These are my current trading positions in this account.


----------



## RichKid (31 January 2006)

Nick, 
May I hazard a guess that you entered MRL on a similar premise to BPT? ie very high volume up days (instos) followed by low volume down days, prices stepped up in ledges, currently retracing on low volume towards previous ledge resistance. A general move up from a base formed last year.


----------



## Nick Radge (31 January 2006)

Most of my entries are based on strong volume factors. MRL was stopped out today, but that happens. The important thing to think about, especially with the likes of the LEI example, is that there are some larger buyers who are not scared to be buying at these all-time highs. That's a very important element. Large buyers who are attempting to accumulate a stock will only pay up if they beleive they won't get it cheaper. If they think they can get it cheaper they will wait, that's why you get very long periods of sideways price action at times.

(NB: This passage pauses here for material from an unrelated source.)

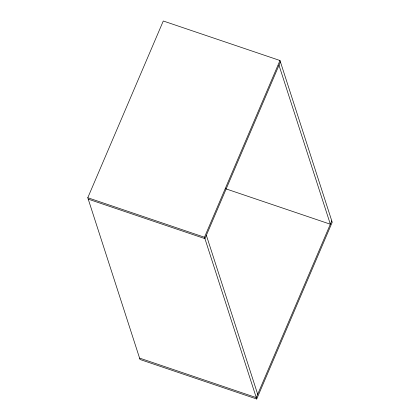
<?xml version="1.0" encoding="UTF-8"?>
<svg xmlns="http://www.w3.org/2000/svg" width="420" height="420" viewBox="0 0 420 420"><rect width="100%" height="100%" fill="white"/><g stroke="black" fill="none" stroke-linecap="round" stroke-linejoin="round"><path stroke-width="0.63" d="M87.78 197.741L163.28 21L279.977 60.512L332.22 222.259L256.72 399L140.023 359.489L87.78 197.741L204.477 237.253L256.72 399M204.477 237.253L279.977 60.512M280.423 61.898L204.923 238.639L88.226 199.127M331.774 220.873L256.268 397.614L139.577 358.103M225.446 188.696L330.346 224.217L278.995 65.242M206.351 235.295L257.696 394.27"/></g></svg>

Take a look at BBG. You'll see a long sideways period. Just recently though that accumulation is now taking place closer to the top of the larger range. Why is this happening? Most likely because those that are accumulating were not getting their fills at the lower levels so they stepped up some more. When they have accumulated as much supply as they can, then prices will naturally start to rise without them driving higher.


----------



## Nick Radge (1 February 2006)

Here is the BBG example discussed above. Obviously not all are as clean as this. The stop is now at $13.44, just under that seconadry accumulation area. If you find area's like this where a transition from seeling to buying occurs, then its a great place to start building a longer term position.




_This post may contain advice that has been prepared by Reef Capital Coaching ABN 24 092 309 978 (“RCC”) and is general advice and does not take account of your objectives, financial situation or needs. Before acting on this general advice you should therefore consider the appropriateness of the advice having regard to your situation. We recommend you obtain financial, legal and taxation advice before making any financial investment decision.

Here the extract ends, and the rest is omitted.